Like many other people, Prater had a childhood fear growing up. While most people’s fears relate to the dark or monsters, his fear was just a touch different.

Prater was afraid of the very ground that he plays on every weekend. Prater was terrified of grass.

“Before I started playing football, I was afraid of grass when I was younger,” Prater said. “My parents used to try and sit me in the grass and I would cry and scream and hold my legs up away from it.”

Take one look at the hulking 6-foot, 244-pound defensive end, and you would never begin to imagine that he would have had such a fear as a child.

This fear, however, would soon turn into fate as Prater eventually found his way to a football field because of it.

“One day when I was about 5-years-old, I just decided to run through our grass,” Prater said. “It was crazy. The very next week my dad took me to football practice and I started playing football. It just felt right and where I was meant to be.”

James Prater Jr. playing little league football in 2006.
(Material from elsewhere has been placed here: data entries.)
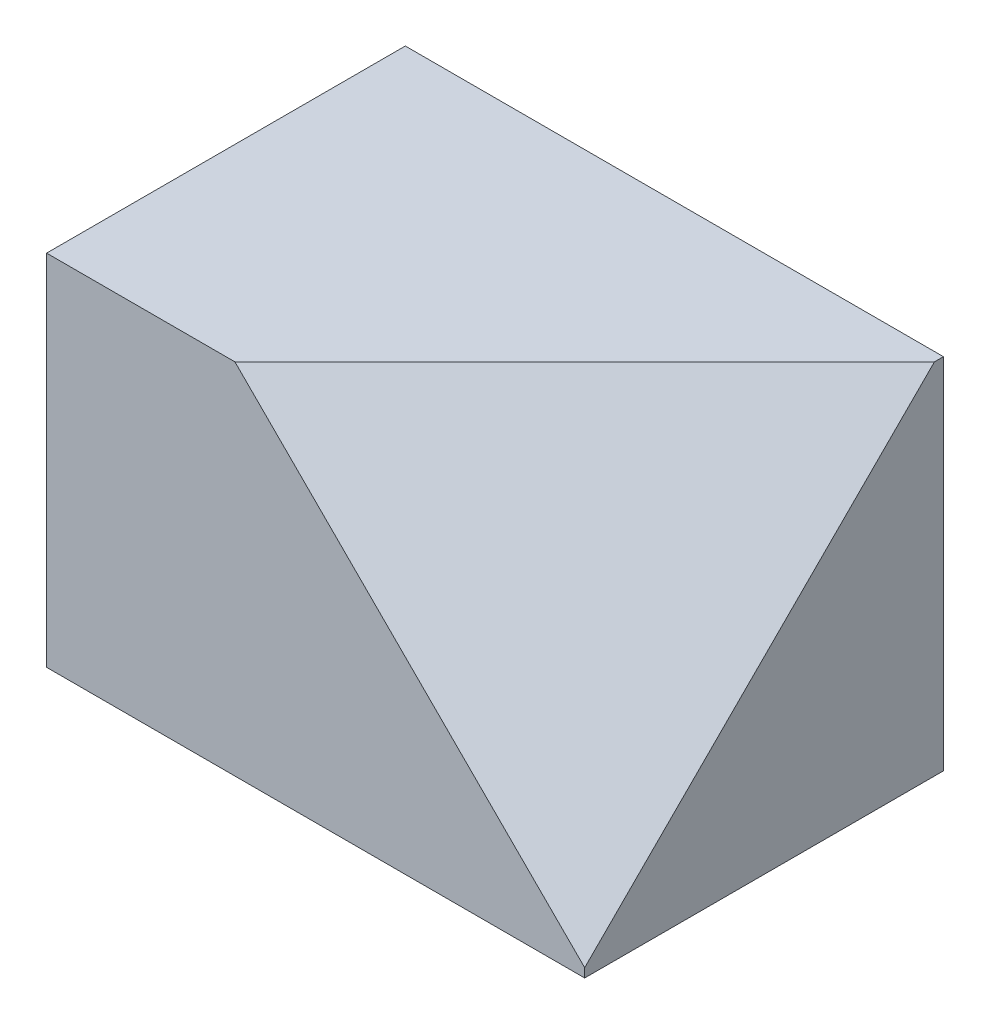
from build123d import *

# Parameters (mm, degrees)
CROQUIS1_W              = 60
CROQUIS1_H              = 40
SALIENTE_EXTRUIR1_DEPTH = 40
CHAFL_N1_START          = -14.142135624
CHAFL_N1_DEPTH          = 56.568542495


with BuildPart() as part:
    # Croquis1 → Saliente-Extruir1 (new body)
    with BuildSketch(Plane(origin=(0, 0, 0), x_dir=(1, 0, 0), z_dir=(0, 1, 0))):
        Rectangle(CROQUIS1_W, CROQUIS1_H)
    extrude(amount=SALIENTE_EXTRUIR1_DEPTH)

    # Chaflán1: read off the stored shape, not the designer's step
    # Chaflán1 outline → Chaflán1 (cut)
    with BuildSketch(Plane(origin=(0, 0, 0), x_dir=(1, 0, 0), z_dir=(0, 0.7071067811865476, -0.7071067811865476)).offset(CHAFL_N1_START)):
        Polygon((30, -14.849242405), (-9, -42.426406871), (-10, -43.133513652), (-10, -44), (30, -44), align=None)
    extrude(amount=CHAFL_N1_DEPTH, mode=Mode.SUBTRACT)


solid = part.part
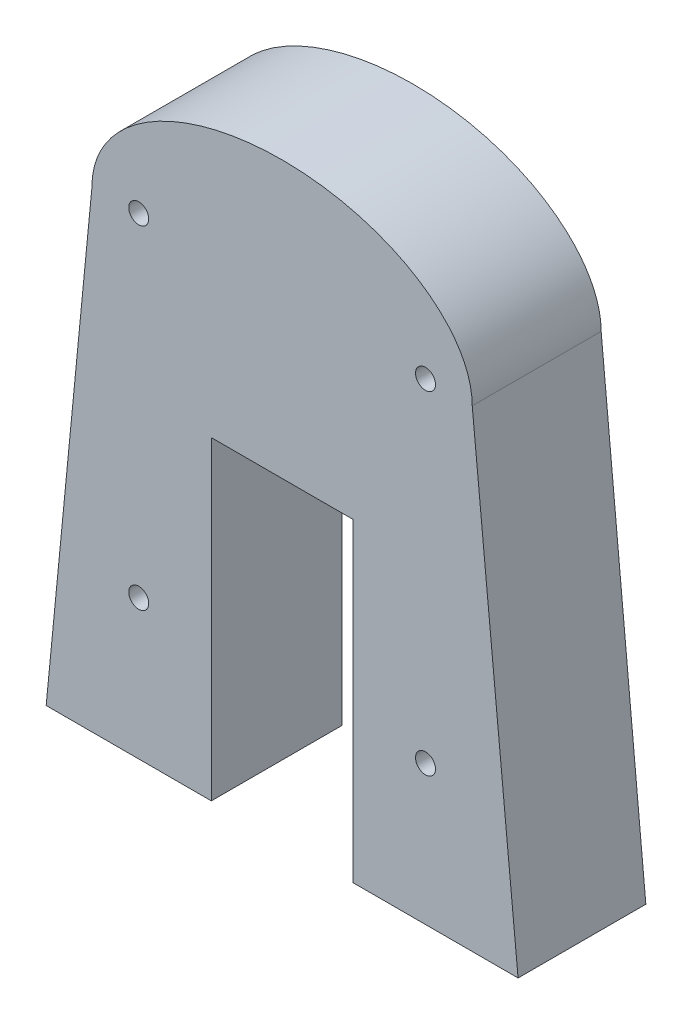
from build123d import *

# Parameters (mm, degrees)
BOSS_EXTRUDE1_DEPTH              = 10
CUT_EXTRUDE_TRACKWALLCURVE_DEPTH = 71.987340569
CUT_EXTRUDE4_START               = -25.4
SKETCH11_R                       = 0.762
CUT_EXTRUDE4_DEPTH               = 32.4


with BuildPart() as part:
    # Sketch3 → Boss-Extrude1 (new body)
    with BuildSketch(Plane.XY):
        with BuildLine():
            Line((0.498405995, 53.05), (-3, 17))
            Line((-3, 17), (9.6, 17))
            Line((9.6, 17), (9.6, 41))
            Line((9.6, 41), (20.4, 41))
            Line((20.4, 41), (20.4, 17))
            Line((20.4, 17), (33, 17))
            Line((33, 17), (29.501594005, 53.05))
            add(Edge.make_bspline(
                [(29.501594005, 53.05), (29.501594005, 62.05), (15, 62.05), (0.498405995, 62.05), (0.498405995, 53.05)],
                knots=[3.141592654, 3.141592654, 3.141592654, 4.71238898, 4.71238898, 6.283185307, 6.283185307, 6.283185307], degree=2, weights=[1, 0.707106781, 1, 0.707106781, 1]))
        make_face()
    extrude(amount=BOSS_EXTRUDE1_DEPTH)

    # Sketch10 → Cut-Extrude-TrackWallCurve (cut, through all)
    with BuildSketch(Plane(origin=(0, 0, 0), x_dir=(1, 0, 0), z_dir=(0, 1, 0))):
        with BuildLine():
            Line((-22.389187746, 76.808429662), (-18.31810455, -0.872465273))
            ThreePointArc((-18.31810455, -0.872465273), (-1.664762144, -0.218153677), (15.000001459, 0))
            ThreePointArc((15.000001459, 0), (31.664763602, -0.218153715), (48.31810455, -0.872465273))
            Line((48.31810455, -0.872465273), (52.389187746, 76.808429662))
            ThreePointArc((52.389187746, 76.808429662), (27.468127249, 77.678692292), (2.53187626, 77.678692353))
            ThreePointArc((2.53187626, 77.678692353), (-9.932453077, 77.352302433), (-22.389187746, 76.808429662))
        make_face()
    extrude(amount=CUT_EXTRUDE_TRACKWALLCURVE_DEPTH, mode=Mode.SUBTRACT)

    # Sketch11 → Cut-Extrude4 (cut)
    with BuildSketch(Plane(origin=(3.889452987, 0, 0.096960275), x_dir=(-0.9998476951563915, 0, 0.0174524064372769), z_dir=(-0.0174524064372769, 0, -0.9998476951563915)).offset(CUT_EXTRUDE4_START)):
        with Locations((0, 53.05)):
            Circle(SKETCH11_R)
        with Locations((0, 27.65)):
            Circle(SKETCH11_R)
    cut_extrude4 = extrude(amount=CUT_EXTRUDE4_DEPTH, mode=Mode.SUBTRACT)

    # Mirror2: Cut-Extrude4 across plane
    add(cut_extrude4.mirror(Plane(origin=(15, 0, 0), x_dir=(0, 0, 1), z_dir=(1, 0, 0))), mode=Mode.SUBTRACT)


solid = part.part
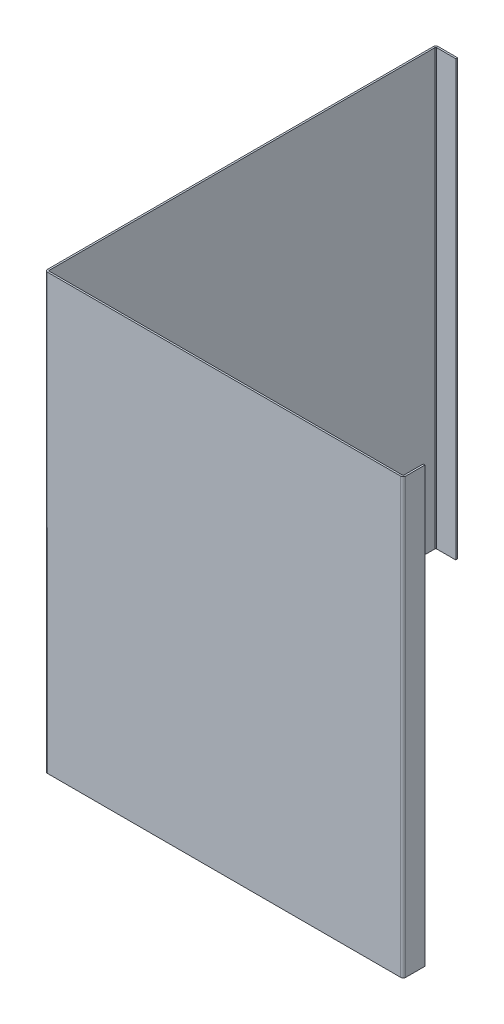
from build123d import *

# Parameters (mm, degrees)
SKETCH1_W                      = 1.5875
SKETCH1_H                      = 400
BASE_FLANGE1_DEPTH             = 360
EDGE_FLANGE1_STRIP_W           = 7.8232
EDGE_FLANGE1_STRIP_H           = 1.5875
EDGE_FLANGE1_STRIP_CUT_DEPTH   = 400
EDGE_FLANGE1_DEPTH             = 400
EDGE_FLANGE2_STRIP_W           = 7.8232
EDGE_FLANGE2_STRIP_H           = 1.5875
EDGE_FLANGE2_STRIP_CUT_DEPTH   = 400
EDGE_FLANGE2_STRIP_2_W         = 7.8232
EDGE_FLANGE2_STRIP_2_H         = 1.5875
EDGE_FLANGE2_STRIP_CUT_2_DEPTH = 400
EDGE_FLANGE2_DEPTH             = 400
EDGE_FLANGE2_BEND_DEPTH        = 400


# Sheet-metal steps are written as plain solids
with BuildPart() as part:
    # Sketch1 → Base-Flange1 (new body)
    with BuildSketch(Plane.XY):
        with Locations((0.79375, 0)):
            Rectangle(SKETCH1_W, SKETCH1_H)
    extrude(amount=BASE_FLANGE1_DEPTH)

    # Edge-Flange1 strip (across the edge) → Edge-Flange1 strip cut (cut)
    with BuildSketch(Plane(origin=(1.5875, 200, 360), x_dir=(0, 0, -1), z_dir=(0, -1, 0))):
        with Locations((-1.5875, -0.79375)):
            Rectangle(EDGE_FLANGE1_STRIP_W, EDGE_FLANGE1_STRIP_H)
    extrude(amount=EDGE_FLANGE1_STRIP_CUT_DEPTH, mode=Mode.SUBTRACT)

    # Edge-Flange1 section (across the edge) → Edge-Flange1 (add)
    with BuildSketch(Plane(origin=(1.5875, 200, 360), x_dir=(0, 0, -1), z_dir=(0, -1, 0))):
        with BuildLine():
            Line((0, 0.7366), (0, 328.4125))
            Line((0, 328.4125), (1.5875, 328.4125))
            Line((1.5875, 328.4125), (1.5875, 0.7366))
            ThreePointArc((1.5875, 0.7366), (1.803245145, 0.215745145), (2.3241, 0))
            Line((2.3241, 0), (2.3241, -1.5875))
            ThreePointArc((2.3241, -1.5875), (0.68071313, -0.90678687), (0, 0.7366))
        make_face()
    extrude(amount=EDGE_FLANGE1_DEPTH)

    # Edge-Flange2 strip (across the edge) → Edge-Flange2 strip cut (cut)
    with BuildSketch(Plane(origin=(330, 200, 358.4125), x_dir=(-1, 0, 0), z_dir=(0, -1, 0))):
        with Locations((-1.5875, -0.79375)):
            Rectangle(EDGE_FLANGE2_STRIP_W, EDGE_FLANGE2_STRIP_H)
    extrude(amount=EDGE_FLANGE2_STRIP_CUT_DEPTH, mode=Mode.SUBTRACT)

    # Edge-Flange2 strip 2 (across the edge) → Edge-Flange2 strip cut 2 (cut)
    with BuildSketch(Plane(origin=(1.5875, -200, 0), x_dir=(0, 0, 1), z_dir=(0, 1, 0))):
        with Locations((-1.5875, -0.79375)):
            Rectangle(EDGE_FLANGE2_STRIP_2_W, EDGE_FLANGE2_STRIP_2_H)
    extrude(amount=EDGE_FLANGE2_STRIP_CUT_2_DEPTH, mode=Mode.SUBTRACT)

    # Edge-Flange2 section (across the edge) → Edge-Flange2 (add)
    with BuildSketch(Plane(origin=(330, 200, 358.4125), x_dir=(-1, 0, 0), z_dir=(0, -1, 0))):
        with BuildLine():
            Line((0, 0.7366), (0, 18.4125))
            Line((0, 18.4125), (1.5875, 18.4125))
            Line((1.5875, 18.4125), (1.5875, 0.7366))
            ThreePointArc((1.5875, 0.7366), (1.803245145, 0.215745145), (2.3241, 0))
            Line((2.3241, 0), (2.3241, -1.5875))
            ThreePointArc((2.3241, -1.5875), (0.68071313, -0.90678687), (0, 0.7366))
        make_face()
    extrude(amount=EDGE_FLANGE2_DEPTH)

    # Edge-Flange2 section 2 (across the edge) → Edge-Flange2 bend (add)
    with BuildSketch(Plane(origin=(1.5875, -200, 0), x_dir=(0, 0, 1), z_dir=(0, 1, 0))):
        with BuildLine():
            Line((0, 0.7366), (0, 18.4125))
            Line((0, 18.4125), (1.5875, 18.4125))
            Line((1.5875, 18.4125), (1.5875, 0.7366))
            ThreePointArc((1.5875, 0.7366), (1.803245145, 0.215745145), (2.3241, 0))
            Line((2.3241, 0), (2.3241, -1.5875))
            ThreePointArc((2.3241, -1.5875), (0.68071313, -0.90678687), (0, 0.7366))
        make_face()
    extrude(amount=EDGE_FLANGE2_BEND_DEPTH)


solid = part.part
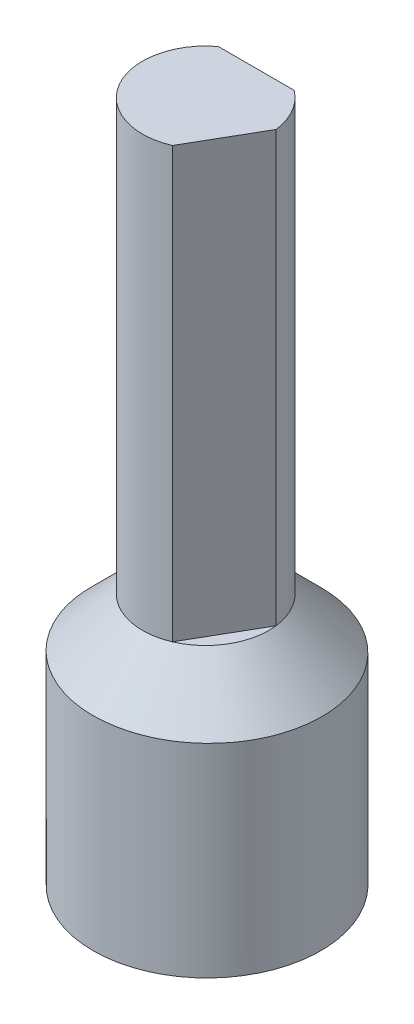
from build123d import *

# Parameters (mm, degrees)
SKETCH1_R           = 9
SKETCH1_W           = 9.1
SKETCH1_H           = 9.1
BOSS_EXTRUDE1_DEPTH = 13
SKETCH2_R           = 9
BOSS_EXTRUDE2_DEPTH = 1
SKETCH3_R           = 5
BOSS_EXTRUDE3_DEPTH = 40
CHAMFER1_SIZE       = 6
SKETCH4_W           = 6
SKETCH4_H           = 4.360376731
CUT_EXTRUDE1_DEPTH  = 34


with BuildPart() as part:
    # Sketch1 → Boss-Extrude1 (new body)
    with BuildSketch(Plane(origin=(0, 0, 0), x_dir=(1, 0, 0), z_dir=(0, 1, 0))):
        with Locations(Location((4.55, 4.55, 0), (0, 0, 90))):
            Circle(SKETCH1_R)
        with Locations((4.55, 4.55)):
            Rectangle(SKETCH1_W, SKETCH1_H, mode=Mode.SUBTRACT)
    extrude(amount=BOSS_EXTRUDE1_DEPTH)

    # Sketch2 → Boss-Extrude2 (add)
    with BuildSketch(Plane(origin=(0, 13, 0), x_dir=(1, 0, 0), z_dir=(0, 1, 0))):
        with Locations(Location((4.55, 4.55, 0), (0, 0, 90))):
            Circle(SKETCH2_R)
    extrude(amount=BOSS_EXTRUDE2_DEPTH)

    # Sketch3 → Boss-Extrude3 (add)
    with BuildSketch(Plane(origin=(0, 14, 0), x_dir=(1, 0, 0), z_dir=(0, 1, 0))):
        with Locations(Location((4.55, 4.443091139, 0), (0, 0, 270))):
            Circle(SKETCH3_R)
    extrude(amount=BOSS_EXTRUDE3_DEPTH)

    # Chamfer1
    # the kernel refuses this chamfer: 6 mm, written as the material it adds along each edge
    with BuildSketch(Plane(origin=(4.55, 14, -4.443091139), x_dir=(0, 0, 1), z_dir=(-1, 0, 0))) as chamfer1_piece_1_section:
        Polygon((5 + CHAMFER1_SIZE, 0), (5, CHAMFER1_SIZE), (5, 0), align=None)
    chamfer1_piece_1 = revolve(axis=Axis((4.55, 14, -4.443091139), (0, 1, 0)), mode=Mode.PRIVATE)
    chamfer1_piece_1 = chamfer1_piece_1 & Plane(origin=(4.55, 17.968075817, -4.55), x_dir=(0, 0, -1), z_dir=(0, -1, 0)) * Cylinder(9, 44, mode=Mode.PRIVATE)
    add(chamfer1_piece_1)

    # Sketch4 → Cut-Extrude1 (cut)
    with BuildSketch(Plane(origin=(0, 54, 0), x_dir=(1, 0, 0), z_dir=(0, 1, 0))):
        Polygon((13.290298635, 2.860978984), (9.514101615, 5.04116735), (6.514101615, -0.154985073), (10.290298635, -2.335173438), align=None)
        with Locations((4.55, 10.623279505)):
            Rectangle(SKETCH4_W, SKETCH4_H)
    extrude(amount=-CUT_EXTRUDE1_DEPTH, mode=Mode.SUBTRACT)


solid = part.part

Ever since that one moment in his life, football became Prater’s world. He would watch football whenever he could, trying to be just like the professional players he saw on television.

“I was always watching football and always wanted to be in that position to make plays and be famous and cool,” Prater said. “It was like any little kid who loves a sport or is doing well in the sport that wanted that dream. I’ve always wanted to be the best football player on the field.”

While Prater grew up enjoying playing at the elementary and middle school level, it couldn’t compare to when he made the jump to high school, he said.

Prater played linebacker during his time at Columbus St. Francis DeSales, a private Catholic high school near his hometown of Columbus.
The transition into the more serious football environment took some time to adjust to but only strengthened his love for the game, he said.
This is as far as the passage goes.